The new interface is exposed in the vm_payload library and clients are
updated to use the new library functions.
Bug: 243133253
Bug: 243514248
Test: atest MicrodroidTests
Test: atest ComposHostTestCases
Change-Id: I2d659576ca3ccdb8f8ffd9d22ff0d1b96e85a3b8
diff --git a/microdroid_manager/src/instance.rs b/microdroid_manager/src/instance.rs
index 358d88b..96e9360 100644
--- a/microdroid_manager/src/instance.rs
+++ b/microdroid_manager/src/instance.rs
@@ -33,15 +33,11 @@
//! The payload of a partition is encrypted/signed by a key that is unique to the loader and to the
//! VM as well. Failing to decrypt/authenticate a partition by a loader stops the boot process.
+use crate::dice::DiceDriver;
use crate::ioutil;
-use android_security_dice::aidl::android::security::dice::IDiceNode::IDiceNode;
use anyhow::{anyhow, bail, Context, Result};
-use binder::wait_for_interface;
use byteorder::{LittleEndian, ReadBytesExt, WriteBytesExt};
-use keystore2_crypto::ZVec;
-use openssl::hkdf::hkdf;
-use openssl::md::Md;
use openssl::symm::{decrypt_aead, encrypt_aead, Cipher};
use serde::{Deserialize, Serialize};
use std::fs::{File, OpenOptions};
@@ -51,6 +47,9 @@
/// Path to the instance disk inside the VM
const INSTANCE_IMAGE_PATH: &str = "/dev/block/by-name/vm-instance";
+/// Identifier for the key used to seal the instance data.

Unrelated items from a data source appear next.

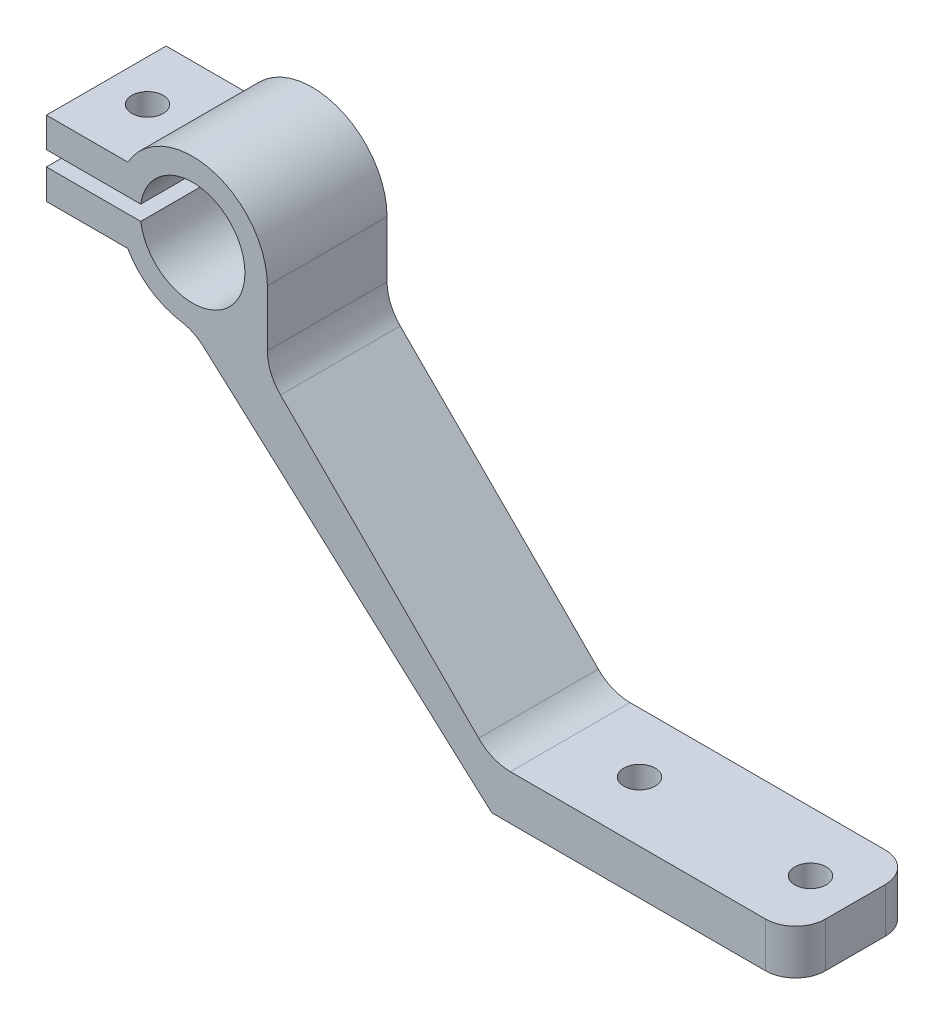
ISO-10303-21;
HEADER;
FILE_DESCRIPTION(('STEP AP214'),'2;1');
FILE_NAME('part.step','',(''),(''),'','','');
FILE_SCHEMA(('AUTOMOTIVE_DESIGN { 1 0 10303 214 1 1 1 1 }'));
ENDSEC;
DATA;
#1=APPLICATION_CONTEXT('core data for automotive mechanical design processes');
#2=APPLICATION_PROTOCOL_DEFINITION('international standard','automotive_design',2000,#1);
#3=PRODUCT_CONTEXT('',#1,'mechanical');
#4=PRODUCT('Part','Part','',(#3));
#5=PRODUCT_RELATED_PRODUCT_CATEGORY('part','',(#4));
#6=PRODUCT_DEFINITION_FORMATION('','',#4);
#7=PRODUCT_DEFINITION_CONTEXT('part definition',#1,'design');
#8=PRODUCT_DEFINITION('design','',#6,#7);
#9=PRODUCT_DEFINITION_SHAPE('','',#8);
#10=(LENGTH_UNIT() NAMED_UNIT(*) SI_UNIT(.MILLI.,.METRE.));
#11=(NAMED_UNIT(*) PLANE_ANGLE_UNIT() SI_UNIT($,.RADIAN.));
#12=(NAMED_UNIT(*) SI_UNIT($,.STERADIAN.) SOLID_ANGLE_UNIT());
#13=UNCERTAINTY_MEASURE_WITH_UNIT(LENGTH_MEASURE(1.E-05),#10,'distance_accuracy_value','');
#14=(GEOMETRIC_REPRESENTATION_CONTEXT(3) GLOBAL_UNCERTAINTY_ASSIGNED_CONTEXT((#13)) GLOBAL_UNIT_ASSIGNED_CONTEXT((#10,
#11,#12)) REPRESENTATION_CONTEXT('',''));
#15=CARTESIAN_POINT('',(0.,0.,0.));
#16=DIRECTION('',(0.,0.,1.));
#17=DIRECTION('',(1.,0.,0.));
#18=AXIS2_PLACEMENT_3D('',#15,#16,#17);
#19=CARTESIAN_POINT('',(-38.5942428896594,0.,0.));
#20=DIRECTION('',(0.,1.,0.));
#21=DIRECTION('',(0.,0.,1.));
#22=AXIS2_PLACEMENT_3D('',#19,#20,#21);
#23=CYLINDRICAL_SURFACE('',#22,1.05);
#24=CARTESIAN_POINT('',(-38.5942428896594,22.5,0.));
#25=DIRECTION('',(0.,-1.,0.));
#26=DIRECTION('',(0.,0.,-1.));
#27=AXIS2_PLACEMENT_3D('',#24,#25,#26);
#28=CIRCLE('',#27,1.05);
#29=CARTESIAN_POINT('',(-38.5942428896594,22.5,-1.05));
#30=VERTEX_POINT('',#29);
#31=EDGE_CURVE('E281',#30,#30,#28,.T.);
#32=ORIENTED_EDGE('',*,*,#31,.F.);
#33=EDGE_LOOP('',(#32));
#34=FACE_BOUND('',#33,.T.);
#35=CARTESIAN_POINT('',(-38.5942428896594,21.3,0.));
#36=DIRECTION('',(0.,-1.,0.));
#37=DIRECTION('',(0.,0.,-1.));
#38=AXIS2_PLACEMENT_3D('',#35,#36,#37);
#39=CIRCLE('',#38,1.05);
#40=CARTESIAN_POINT('',(-38.5942428896594,21.3,-1.05));
#41=VERTEX_POINT('',#40);
#42=EDGE_CURVE('E53',#41,#41,#39,.F.);
#43=ORIENTED_EDGE('',*,*,#42,.F.);
#44=EDGE_LOOP('',(#43));
#45=FACE_BOUND('',#44,.T.);
#46=ADVANCED_FACE('F49',(#34,#45),#23,.F.);
#47=CARTESIAN_POINT('',(0.,3.,4.));
#48=DIRECTION('',(0.,0.,-1.));
#49=DIRECTION('',(-1.,0.,0.));
#50=AXIS2_PLACEMENT_3D('',#47,#48,#49);
#51=PLANE('',#50);
#52=DIRECTION('',(1.,0.,0.));
#53=VECTOR('',#52,1.);
#54=CARTESIAN_POINT('',(0.,0.,4.));
#55=LINE('',#54,#53);
#56=CARTESIAN_POINT('',(-11.585,0.,4.));
#57=VERTEX_POINT('',#56);
#58=CARTESIAN_POINT('',(6.71499999999999,0.,4.));
#59=VERTEX_POINT('',#58);
#60=EDGE_CURVE('E497',#57,#59,#55,.T.);
#61=ORIENTED_EDGE('',*,*,#60,.T.);
#62=DIRECTION('',(0.,-1.,0.));
#63=VECTOR('',#62,1.);
#64=CARTESIAN_POINT('',(6.71499999999999,3.,4.));
#65=LINE('',#64,#63);
#66=CARTESIAN_POINT('',(6.71499999999999,3.,4.));
#67=VERTEX_POINT('',#66);
#68=EDGE_CURVE('E469',#67,#59,#65,.T.);
#69=ORIENTED_EDGE('',*,*,#68,.F.);
#70=DIRECTION('',(1.,0.,0.));
#71=VECTOR('',#70,1.);
#72=CARTESIAN_POINT('',(0.,3.,4.));
#73=LINE('',#72,#71);
#74=CARTESIAN_POINT('',(-10.3423593128807,3.,4.));
#75=VERTEX_POINT('',#74);
#76=EDGE_CURVE('E483',#75,#67,#73,.T.);
#77=ORIENTED_EDGE('',*,*,#76,.F.);
#78=CARTESIAN_POINT('',(-10.3423593128807,6.,4.));
#79=DIRECTION('',(0.,0.,-1.));
#80=DIRECTION('',(-1.,0.,0.));
#81=AXIS2_PLACEMENT_3D('',#78,#79,#80);
#82=CIRCLE('',#81,3.);
#83=CARTESIAN_POINT('',(-12.4636796564404,3.87867965644035,4.));
#84=VERTEX_POINT('',#83);
#85=EDGE_CURVE('E58',#75,#84,#82,.T.);
#86=ORIENTED_EDGE('',*,*,#85,.T.);
#87=DIRECTION('',(0.707106781186548,-0.707106781186547,0.));
#88=VECTOR('',#87,1.);
#89=CARTESIAN_POINT('',(-26.585,18.,4.));
#90=LINE('',#89,#88);
#91=CARTESIAN_POINT('',(-25.7063203435596,17.1213203435596,4.));
#92=VERTEX_POINT('',#91);
#93=EDGE_CURVE('E334',#92,#84,#90,.T.);
#94=ORIENTED_EDGE('',*,*,#93,.F.);
#95=CARTESIAN_POINT('',(-23.585,19.2426406871193,4.));
#96=DIRECTION('',(0.,0.,-1.));
#97=DIRECTION('',(-1.,0.,0.));
#98=AXIS2_PLACEMENT_3D('',#95,#96,#97);
#99=CIRCLE('',#98,3.);
#100=CARTESIAN_POINT('',(-26.585,19.2426406871193,4.));
#101=VERTEX_POINT('',#100);
#102=EDGE_CURVE('E376',#92,#101,#99,.T.);
#103=ORIENTED_EDGE('',*,*,#102,.T.);
#104=DIRECTION('',(0.,-1.,0.));
#105=VECTOR('',#104,1.);
#106=CARTESIAN_POINT('',(-26.585,0.,4.));
#107=LINE('',#106,#105);
#108=CARTESIAN_POINT('',(-26.585,23.,4.));
#109=VERTEX_POINT('',#108);
#110=EDGE_CURVE('E285',#109,#101,#107,.T.);
#111=ORIENTED_EDGE('',*,*,#110,.F.);
#112=CARTESIAN_POINT('',(-31.585,23.,4.));
#113=DIRECTION('',(0.,0.,1.));
#114=DIRECTION('',(1.,0.,0.));
#115=AXIS2_PLACEMENT_3D('',#112,#113,#114);
#116=CIRCLE('',#115,5.);
#117=CARTESIAN_POINT('',(-35.9151270189222,25.5,4.));
#118=VERTEX_POINT('',#117);
#119=EDGE_CURVE('E286',#109,#118,#116,.T.);
#120=ORIENTED_EDGE('',*,*,#119,.T.);
#121=DIRECTION('',(1.,0.,0.));
#122=VECTOR('',#121,1.);
#123=CARTESIAN_POINT('',(0.,25.5,4.));
#124=LINE('',#123,#122);
#125=CARTESIAN_POINT('',(-41.3546960070847,25.5,4.));
#126=VERTEX_POINT('',#125);
#127=EDGE_CURVE('E289',#126,#118,#124,.T.);
#128=ORIENTED_EDGE('',*,*,#127,.F.);
#129=DIRECTION('',(0.,1.,0.));
#130=VECTOR('',#129,1.);
#131=CARTESIAN_POINT('',(-41.3546960070847,0.,4.));
#132=LINE('',#131,#130);
#133=CARTESIAN_POINT('',(-41.3546960070847,23.5,4.));
#134=VERTEX_POINT('',#133);
#135=EDGE_CURVE('E292',#134,#126,#132,.T.);
#136=ORIENTED_EDGE('',*,*,#135,.F.);
#137=DIRECTION('',(1.,0.,0.));
#138=VECTOR('',#137,1.);
#139=CARTESIAN_POINT('',(0.,23.5,4.));
#140=LINE('',#139,#138);
#141=CARTESIAN_POINT('',(-35.0491016151378,23.5,4.));
#142=VERTEX_POINT('',#141);
#143=EDGE_CURVE('E295',#134,#142,#140,.T.);
#144=ORIENTED_EDGE('',*,*,#143,.T.);
#145=CARTESIAN_POINT('',(-31.585,23.,4.));
#146=DIRECTION('',(0.,0.,1.));
#147=DIRECTION('',(1.,0.,0.));
#148=AXIS2_PLACEMENT_3D('',#145,#146,#147);
#149=CIRCLE('',#148,3.5);
#150=CARTESIAN_POINT('',(-35.0491016151378,22.5,4.));
#151=VERTEX_POINT('',#150);
#152=EDGE_CURVE('E298',#151,#142,#149,.T.);
#153=ORIENTED_EDGE('',*,*,#152,.F.);
#154=DIRECTION('',(1.,0.,0.));
#155=VECTOR('',#154,1.);
#156=CARTESIAN_POINT('',(0.,22.5,4.));
#157=LINE('',#156,#155);
#158=CARTESIAN_POINT('',(-41.3546960070847,22.5,4.));
#159=VERTEX_POINT('',#158);
#160=EDGE_CURVE('E301',#159,#151,#157,.T.);
#161=ORIENTED_EDGE('',*,*,#160,.F.);
#162=DIRECTION('',(0.,1.,0.));
#163=VECTOR('',#162,1.);
#164=CARTESIAN_POINT('',(-41.3546960070847,0.,4.));
#165=LINE('',#164,#163);
#166=CARTESIAN_POINT('',(-41.3546960070847,20.5,4.));
#167=VERTEX_POINT('',#166);
#168=EDGE_CURVE('E304',#167,#159,#165,.T.);
#169=ORIENTED_EDGE('',*,*,#168,.F.);
#170=DIRECTION('',(1.,0.,0.));
#171=VECTOR('',#170,1.);
#172=CARTESIAN_POINT('',(0.,20.5,4.));
#173=LINE('',#172,#171);
#174=CARTESIAN_POINT('',(-35.9151270189222,20.5,4.));
#175=VERTEX_POINT('',#174);
#176=EDGE_CURVE('E307',#167,#175,#173,.T.);
#177=ORIENTED_EDGE('',*,*,#176,.T.);
#178=CARTESIAN_POINT('',(-31.585,23.,4.));
#179=DIRECTION('',(0.,0.,1.));
#180=DIRECTION('',(1.,0.,0.));
#181=AXIS2_PLACEMENT_3D('',#178,#179,#180);
#182=CIRCLE('',#181,5.);
#183=CARTESIAN_POINT('',(-32.3741338080708,18.0626659184374,4.));
#184=VERTEX_POINT('',#183);
#185=EDGE_CURVE('E310',#175,#184,#182,.T.);
#186=ORIENTED_EDGE('',*,*,#185,.T.);
#187=CARTESIAN_POINT('',(-32.8476140929133,15.1002654694998,4.));
#188=DIRECTION('',(0.,0.,-1.));
#189=DIRECTION('',(-1.,0.,0.));
#190=AXIS2_PLACEMENT_3D('',#187,#188,#189);
#191=CIRCLE('',#190,3.);
#192=CARTESIAN_POINT('',(-30.8407198980459,17.3301479082413,4.));
#193=VERTEX_POINT('',#192);
#194=EDGE_CURVE('E372',#184,#193,#191,.T.);
#195=ORIENTED_EDGE('',*,*,#194,.T.);
#196=DIRECTION('',(0.743294146247166,-0.66896473162245,0.));
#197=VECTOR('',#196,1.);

+const INSTANCE_KEY_IDENTIFIER: &[u8] = b"microdroid_manager_key";
+
/// Magic string in the instance disk header
const DISK_HEADER_MAGIC: &str = "Android-VM-instance";
@@ -114,7 +113,7 @@
/// Reads the identity data that was written by microdroid manager. The returned data is
/// plaintext, although it is stored encrypted. In case when the partition for microdroid
/// manager doesn't exist, which can happen if it's the first boot, `Ok(None)` is returned.
- pub fn read_microdroid_data(&mut self) -> Result<Option<MicrodroidData>> {
+ pub fn read_microdroid_data(&mut self, dice: &DiceDriver) -> Result<Option<MicrodroidData>> {
let (header, offset) = self.locate_microdroid_header()?;
if header.is_none() {
return Ok(None);
@@ -143,7 +142,7 @@
self.file.read_exact(&mut header)?;
// Decrypt and authenticate the data (along with the header).
- let key = get_key()?;
+ let key = dice.get_sealing_key(INSTANCE_KEY_IDENTIFIER)?;
let plaintext =
decrypt_aead(Cipher::aes_256_gcm(), &key, Some(&nonce), &header, &data, &tag)?;
@@ -153,7 +152,11 @@
/// Writes identity data to the partition for microdroid manager. The partition is appended
/// if it doesn't exist. The data is stored encrypted.
- pub fn write_microdroid_data(&mut self, microdroid_data: &MicrodroidData) -> Result<()> {
+ pub fn write_microdroid_data(
+ &mut self,
+ microdroid_data: &MicrodroidData,
+ dice: &DiceDriver,
+ ) -> Result<()> {
let (header, offset) = self.locate_microdroid_header()?;
let data = serde_cbor::to_vec(microdroid_data)?;
@@ -185,7 +188,7 @@
self.file.write_all(nonce.as_ref())?;
// Then encrypt and sign the data.
- let key = get_key()?;
+ let key = dice.get_sealing_key(INSTANCE_KEY_IDENTIFIER)?;
let mut tag = [0; AES_256_GCM_TAG_LENGTH];
let ciphertext =
encrypt_aead(Cipher::aes_256_gcm(), &key, Some(&nonce), &header, &data, &mut tag)?;
@@ -268,23 +271,6 @@
Ok(ret)
}
-/// Returns the key that is used to encrypt the microdroid manager partition. It is derived from
-/// the sealing CDI of the previous stage, which is Android Boot Loader (ABL).
-fn get_key() -> Result<ZVec> {
- // Sealing CDI from the previous stage.
- let diced = wait_for_interface::<dyn IDiceNode>("android.security.dice.IDiceNode")
- .context("IDiceNode service not found")?;
- let bcc_handover = diced.derive(&[]).context("Failed to get BccHandover")?;
- // Deterministically derive another key to use for encrypting the data, rather than using the
- // CDI directly, so we have the chance to rotate the key if needed. A salt isn't needed as the
- // input key material is already cryptographically strong.
- let salt = &[];
- let info = b"microdroid_manager_key".as_ref();
- let mut key = ZVec::new(32)?;
- hkdf(&mut key, Md::sha256(), &bcc_handover.cdiSeal, salt, info)?;
- Ok(key)
-}
-
#[derive(Debug, Serialize, Deserialize, PartialEq, Eq)]
pub struct MicrodroidData {
pub salt: Vec<u8>, // Should be [u8; 64] but that isn't serializable.